Being the leading “fast copier” blunts a Company’s vision. You’ll never be anything but a #2, with #3, #4, #5, etc constantly yapping at your heels, and sometimes overtaking you in the race to the bottom.
“Being the leading “fast copier” blunts a Company’s vision.”
You nailed it. Apple has often been accused of “copying”, but way to often it just looks that way because some competitor came out first with a product that was rushed to market while Apple took the tlme to build it right. The Apple Watch is a prime example (although it’s always amazed me that people forget about the iPod Nano you could – and I did – wear on your wrist).
The reality is that Apple was and still is a trail-blazer. And you can’t be a trail-blazer if all you ever do is follow where someone else has already gone.
For a long time, though, I kept on looking for true innovation, something that would make me say “Gee, I wish my iPhone had that!” The short-lived Samsung ‘secure enclave’ was one of very few things on the Android side that I thought would be useful in iOS. The other is the ability to provide external storage for at least some forms of content (e.g. flash memory external drive to hold more music or photos than the phone would hold). The argument “it’s all in the cloud” has never been persuasive to me.

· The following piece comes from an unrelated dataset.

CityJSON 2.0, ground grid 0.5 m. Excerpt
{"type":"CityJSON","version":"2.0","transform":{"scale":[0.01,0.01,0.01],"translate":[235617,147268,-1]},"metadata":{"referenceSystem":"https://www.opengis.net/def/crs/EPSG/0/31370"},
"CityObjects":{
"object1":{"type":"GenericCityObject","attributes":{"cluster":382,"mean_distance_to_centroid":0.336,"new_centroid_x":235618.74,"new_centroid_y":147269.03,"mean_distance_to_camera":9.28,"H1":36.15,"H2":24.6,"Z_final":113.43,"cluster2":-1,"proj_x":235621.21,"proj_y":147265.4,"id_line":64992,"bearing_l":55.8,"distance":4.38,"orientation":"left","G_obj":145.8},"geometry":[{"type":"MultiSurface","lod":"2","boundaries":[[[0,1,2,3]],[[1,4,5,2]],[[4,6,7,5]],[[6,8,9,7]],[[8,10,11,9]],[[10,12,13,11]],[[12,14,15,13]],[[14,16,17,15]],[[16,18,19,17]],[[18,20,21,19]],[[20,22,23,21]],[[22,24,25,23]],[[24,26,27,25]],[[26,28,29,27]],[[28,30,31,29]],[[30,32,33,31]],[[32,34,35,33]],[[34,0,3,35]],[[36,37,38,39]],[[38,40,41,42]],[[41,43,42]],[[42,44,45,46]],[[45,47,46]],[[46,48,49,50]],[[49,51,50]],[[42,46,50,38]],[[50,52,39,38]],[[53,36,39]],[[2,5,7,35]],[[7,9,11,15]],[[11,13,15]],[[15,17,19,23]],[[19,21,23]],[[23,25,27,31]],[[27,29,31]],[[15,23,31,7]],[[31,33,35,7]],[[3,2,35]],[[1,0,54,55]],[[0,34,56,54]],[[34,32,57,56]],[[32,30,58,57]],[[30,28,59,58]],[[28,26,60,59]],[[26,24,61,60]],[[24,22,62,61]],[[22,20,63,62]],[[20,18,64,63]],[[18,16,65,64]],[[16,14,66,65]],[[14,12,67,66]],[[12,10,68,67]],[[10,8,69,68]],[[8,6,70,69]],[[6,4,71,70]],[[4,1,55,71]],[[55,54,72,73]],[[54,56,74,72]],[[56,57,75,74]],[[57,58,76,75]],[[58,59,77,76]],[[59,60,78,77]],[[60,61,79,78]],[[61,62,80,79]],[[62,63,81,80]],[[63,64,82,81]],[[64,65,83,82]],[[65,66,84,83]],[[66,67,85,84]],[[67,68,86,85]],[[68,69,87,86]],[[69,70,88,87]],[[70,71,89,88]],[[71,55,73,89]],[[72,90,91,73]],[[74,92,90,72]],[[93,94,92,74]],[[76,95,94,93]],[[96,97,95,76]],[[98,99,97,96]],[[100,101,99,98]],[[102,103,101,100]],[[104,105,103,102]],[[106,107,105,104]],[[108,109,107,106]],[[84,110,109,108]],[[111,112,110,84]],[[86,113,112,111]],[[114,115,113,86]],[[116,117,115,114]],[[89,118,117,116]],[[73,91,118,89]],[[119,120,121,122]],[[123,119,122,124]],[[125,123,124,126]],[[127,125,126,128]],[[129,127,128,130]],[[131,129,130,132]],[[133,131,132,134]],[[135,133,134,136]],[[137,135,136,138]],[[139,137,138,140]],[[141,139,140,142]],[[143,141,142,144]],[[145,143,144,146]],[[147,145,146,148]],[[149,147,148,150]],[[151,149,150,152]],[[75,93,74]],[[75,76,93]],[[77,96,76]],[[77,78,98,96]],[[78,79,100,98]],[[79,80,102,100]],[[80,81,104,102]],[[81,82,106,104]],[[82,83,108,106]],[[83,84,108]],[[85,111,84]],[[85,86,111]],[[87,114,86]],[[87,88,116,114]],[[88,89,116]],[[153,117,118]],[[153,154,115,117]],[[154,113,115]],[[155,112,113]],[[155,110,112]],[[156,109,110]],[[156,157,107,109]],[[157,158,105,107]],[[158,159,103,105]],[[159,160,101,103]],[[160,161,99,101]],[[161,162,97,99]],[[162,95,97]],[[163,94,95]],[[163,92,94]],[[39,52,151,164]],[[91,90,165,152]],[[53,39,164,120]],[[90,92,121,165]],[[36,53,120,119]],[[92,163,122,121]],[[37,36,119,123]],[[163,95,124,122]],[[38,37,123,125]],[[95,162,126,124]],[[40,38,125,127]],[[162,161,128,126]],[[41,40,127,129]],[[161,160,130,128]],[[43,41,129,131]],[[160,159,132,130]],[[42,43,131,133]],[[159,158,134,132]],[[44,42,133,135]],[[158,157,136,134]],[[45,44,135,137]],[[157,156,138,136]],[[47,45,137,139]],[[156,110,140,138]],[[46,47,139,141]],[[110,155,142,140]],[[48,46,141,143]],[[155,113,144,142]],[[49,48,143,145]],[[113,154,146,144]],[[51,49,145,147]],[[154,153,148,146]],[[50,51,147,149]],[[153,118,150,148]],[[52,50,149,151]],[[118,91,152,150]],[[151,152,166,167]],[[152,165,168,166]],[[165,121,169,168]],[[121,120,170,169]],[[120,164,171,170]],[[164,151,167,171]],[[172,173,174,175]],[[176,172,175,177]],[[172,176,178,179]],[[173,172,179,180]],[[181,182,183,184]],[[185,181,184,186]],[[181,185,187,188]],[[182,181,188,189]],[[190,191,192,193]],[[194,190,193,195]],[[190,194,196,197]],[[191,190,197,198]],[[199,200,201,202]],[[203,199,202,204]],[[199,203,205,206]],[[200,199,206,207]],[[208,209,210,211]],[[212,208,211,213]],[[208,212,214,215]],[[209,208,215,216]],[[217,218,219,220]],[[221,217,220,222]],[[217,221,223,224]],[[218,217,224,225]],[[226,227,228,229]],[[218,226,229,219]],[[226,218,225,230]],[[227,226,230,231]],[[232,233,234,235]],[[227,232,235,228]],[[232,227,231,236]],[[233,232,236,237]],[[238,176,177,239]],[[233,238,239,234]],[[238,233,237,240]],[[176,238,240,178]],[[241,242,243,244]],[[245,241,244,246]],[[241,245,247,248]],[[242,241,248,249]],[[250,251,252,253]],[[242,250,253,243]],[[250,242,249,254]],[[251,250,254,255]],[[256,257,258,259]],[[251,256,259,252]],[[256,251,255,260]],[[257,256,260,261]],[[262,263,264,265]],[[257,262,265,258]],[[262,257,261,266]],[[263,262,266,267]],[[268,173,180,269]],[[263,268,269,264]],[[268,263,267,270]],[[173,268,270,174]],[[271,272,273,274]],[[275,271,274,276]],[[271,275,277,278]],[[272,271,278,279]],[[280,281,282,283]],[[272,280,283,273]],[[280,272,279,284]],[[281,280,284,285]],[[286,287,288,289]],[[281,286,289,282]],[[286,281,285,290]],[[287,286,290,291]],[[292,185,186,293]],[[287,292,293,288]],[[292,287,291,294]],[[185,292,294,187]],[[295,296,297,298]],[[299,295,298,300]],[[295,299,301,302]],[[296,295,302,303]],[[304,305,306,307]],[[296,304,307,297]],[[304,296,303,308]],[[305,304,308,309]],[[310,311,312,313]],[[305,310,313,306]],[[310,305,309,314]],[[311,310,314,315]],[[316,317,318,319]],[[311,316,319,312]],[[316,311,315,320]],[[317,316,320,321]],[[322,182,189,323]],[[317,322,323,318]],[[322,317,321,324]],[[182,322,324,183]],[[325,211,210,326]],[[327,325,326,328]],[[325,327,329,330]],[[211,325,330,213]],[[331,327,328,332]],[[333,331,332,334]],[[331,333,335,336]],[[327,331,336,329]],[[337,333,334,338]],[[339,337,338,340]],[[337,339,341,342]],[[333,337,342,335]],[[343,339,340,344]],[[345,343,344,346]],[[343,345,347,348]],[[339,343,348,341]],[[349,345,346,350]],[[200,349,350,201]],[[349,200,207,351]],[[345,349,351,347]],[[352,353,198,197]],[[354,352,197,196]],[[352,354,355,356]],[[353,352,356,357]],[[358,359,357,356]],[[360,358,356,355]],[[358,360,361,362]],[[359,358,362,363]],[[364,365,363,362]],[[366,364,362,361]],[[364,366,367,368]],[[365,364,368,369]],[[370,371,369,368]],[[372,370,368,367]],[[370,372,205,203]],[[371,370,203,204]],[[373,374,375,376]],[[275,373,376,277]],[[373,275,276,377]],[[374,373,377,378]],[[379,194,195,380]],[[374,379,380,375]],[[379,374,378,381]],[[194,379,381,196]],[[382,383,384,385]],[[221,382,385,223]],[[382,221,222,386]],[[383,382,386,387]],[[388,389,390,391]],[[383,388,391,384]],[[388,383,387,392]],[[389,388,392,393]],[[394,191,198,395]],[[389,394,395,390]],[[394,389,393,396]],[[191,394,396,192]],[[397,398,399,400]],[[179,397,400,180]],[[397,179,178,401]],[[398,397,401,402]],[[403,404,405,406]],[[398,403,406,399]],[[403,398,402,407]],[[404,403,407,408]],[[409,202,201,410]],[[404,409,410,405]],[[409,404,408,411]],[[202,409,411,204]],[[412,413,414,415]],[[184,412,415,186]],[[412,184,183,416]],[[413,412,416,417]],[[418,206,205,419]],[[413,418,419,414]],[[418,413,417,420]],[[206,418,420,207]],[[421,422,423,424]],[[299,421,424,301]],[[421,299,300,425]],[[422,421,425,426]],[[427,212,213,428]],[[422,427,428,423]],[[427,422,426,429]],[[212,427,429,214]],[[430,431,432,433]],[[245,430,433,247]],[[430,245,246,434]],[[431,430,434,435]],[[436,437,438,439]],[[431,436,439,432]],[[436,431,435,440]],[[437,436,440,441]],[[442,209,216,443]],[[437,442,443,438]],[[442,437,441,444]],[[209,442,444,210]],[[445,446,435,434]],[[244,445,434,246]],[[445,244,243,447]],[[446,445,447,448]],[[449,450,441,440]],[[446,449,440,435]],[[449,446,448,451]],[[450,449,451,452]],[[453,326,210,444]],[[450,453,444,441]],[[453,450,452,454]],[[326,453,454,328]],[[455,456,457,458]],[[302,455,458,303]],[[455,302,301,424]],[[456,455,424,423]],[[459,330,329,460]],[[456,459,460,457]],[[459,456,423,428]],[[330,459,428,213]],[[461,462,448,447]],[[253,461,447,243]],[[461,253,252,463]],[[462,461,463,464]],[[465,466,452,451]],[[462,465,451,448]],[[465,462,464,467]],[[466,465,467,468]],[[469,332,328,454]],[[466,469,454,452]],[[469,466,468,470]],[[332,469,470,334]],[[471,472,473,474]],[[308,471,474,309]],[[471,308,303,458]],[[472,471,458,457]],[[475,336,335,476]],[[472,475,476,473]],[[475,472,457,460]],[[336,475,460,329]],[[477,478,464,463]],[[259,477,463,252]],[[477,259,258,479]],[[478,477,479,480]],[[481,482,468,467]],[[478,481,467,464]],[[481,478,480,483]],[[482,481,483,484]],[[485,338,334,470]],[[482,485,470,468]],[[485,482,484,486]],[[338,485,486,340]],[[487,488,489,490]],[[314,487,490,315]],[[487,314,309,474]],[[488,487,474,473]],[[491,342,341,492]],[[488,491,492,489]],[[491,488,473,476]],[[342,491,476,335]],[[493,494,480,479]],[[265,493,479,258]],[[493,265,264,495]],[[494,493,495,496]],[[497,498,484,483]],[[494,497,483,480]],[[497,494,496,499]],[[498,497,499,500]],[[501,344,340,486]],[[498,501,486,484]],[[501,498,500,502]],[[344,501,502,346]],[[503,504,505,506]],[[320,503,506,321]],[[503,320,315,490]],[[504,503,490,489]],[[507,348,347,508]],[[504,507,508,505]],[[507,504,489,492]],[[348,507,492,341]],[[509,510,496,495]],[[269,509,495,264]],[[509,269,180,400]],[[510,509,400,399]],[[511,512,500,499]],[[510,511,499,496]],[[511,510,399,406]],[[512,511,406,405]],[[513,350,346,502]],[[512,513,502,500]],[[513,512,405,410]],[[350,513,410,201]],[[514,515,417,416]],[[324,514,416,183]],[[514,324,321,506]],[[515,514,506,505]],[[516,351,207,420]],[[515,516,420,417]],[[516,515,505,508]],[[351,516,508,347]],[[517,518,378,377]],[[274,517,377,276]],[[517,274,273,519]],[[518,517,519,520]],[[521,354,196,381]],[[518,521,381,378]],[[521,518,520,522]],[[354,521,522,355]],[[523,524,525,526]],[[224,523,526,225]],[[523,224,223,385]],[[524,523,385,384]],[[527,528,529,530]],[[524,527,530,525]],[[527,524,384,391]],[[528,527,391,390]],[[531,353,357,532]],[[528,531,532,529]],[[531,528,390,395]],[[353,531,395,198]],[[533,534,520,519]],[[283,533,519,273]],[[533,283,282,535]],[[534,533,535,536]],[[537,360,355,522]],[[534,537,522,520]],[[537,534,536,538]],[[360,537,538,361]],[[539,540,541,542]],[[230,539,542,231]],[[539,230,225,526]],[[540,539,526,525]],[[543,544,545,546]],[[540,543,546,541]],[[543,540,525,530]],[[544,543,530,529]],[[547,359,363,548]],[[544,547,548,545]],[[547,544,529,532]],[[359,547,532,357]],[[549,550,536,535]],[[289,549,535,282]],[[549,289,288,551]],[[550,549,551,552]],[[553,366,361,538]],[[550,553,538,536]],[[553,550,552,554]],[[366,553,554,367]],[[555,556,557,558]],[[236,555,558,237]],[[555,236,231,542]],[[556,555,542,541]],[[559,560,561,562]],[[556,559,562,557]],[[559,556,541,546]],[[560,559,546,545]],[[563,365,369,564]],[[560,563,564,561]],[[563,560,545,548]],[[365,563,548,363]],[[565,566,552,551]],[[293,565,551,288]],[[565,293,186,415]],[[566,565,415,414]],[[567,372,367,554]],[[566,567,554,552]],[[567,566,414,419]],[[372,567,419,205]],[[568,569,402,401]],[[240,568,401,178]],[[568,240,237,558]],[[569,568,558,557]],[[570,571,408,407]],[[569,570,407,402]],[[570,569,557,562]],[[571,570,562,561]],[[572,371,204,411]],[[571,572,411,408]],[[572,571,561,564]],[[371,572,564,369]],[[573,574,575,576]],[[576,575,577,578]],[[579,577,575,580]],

As for Tizen as an alternative to Google Android, Samsung is primarily a hardware company through and through, so software was strictly a sideline for them even when a need was identified and even supported – they just aren’t terribly good at software development till recently, see Samsung’s notoriously slow Android security and OS updates till 2020. As I said many times on Samsung/Android sites, “why the hell do you put up with slow, late, incomplete, and tortuous OS updates, let alone the restricted 2-3 years tops Android OS update support policies of Android and makers alike, if even that?” They never have an answer other than “oh, that’s just the way it is”, “I’ll just buy another phone in 2-3 years to get the latest OS”, and the best one “OS updates are highly overrated, don’t need them” – fatalism at its best, never will they (although the Android sites do) acknowledge Apple’s leadership in 5-6+ year after purchase support and ability to write software improvements and changes, plus rapid adoption of latest iOS that Android can only have wet dreams about.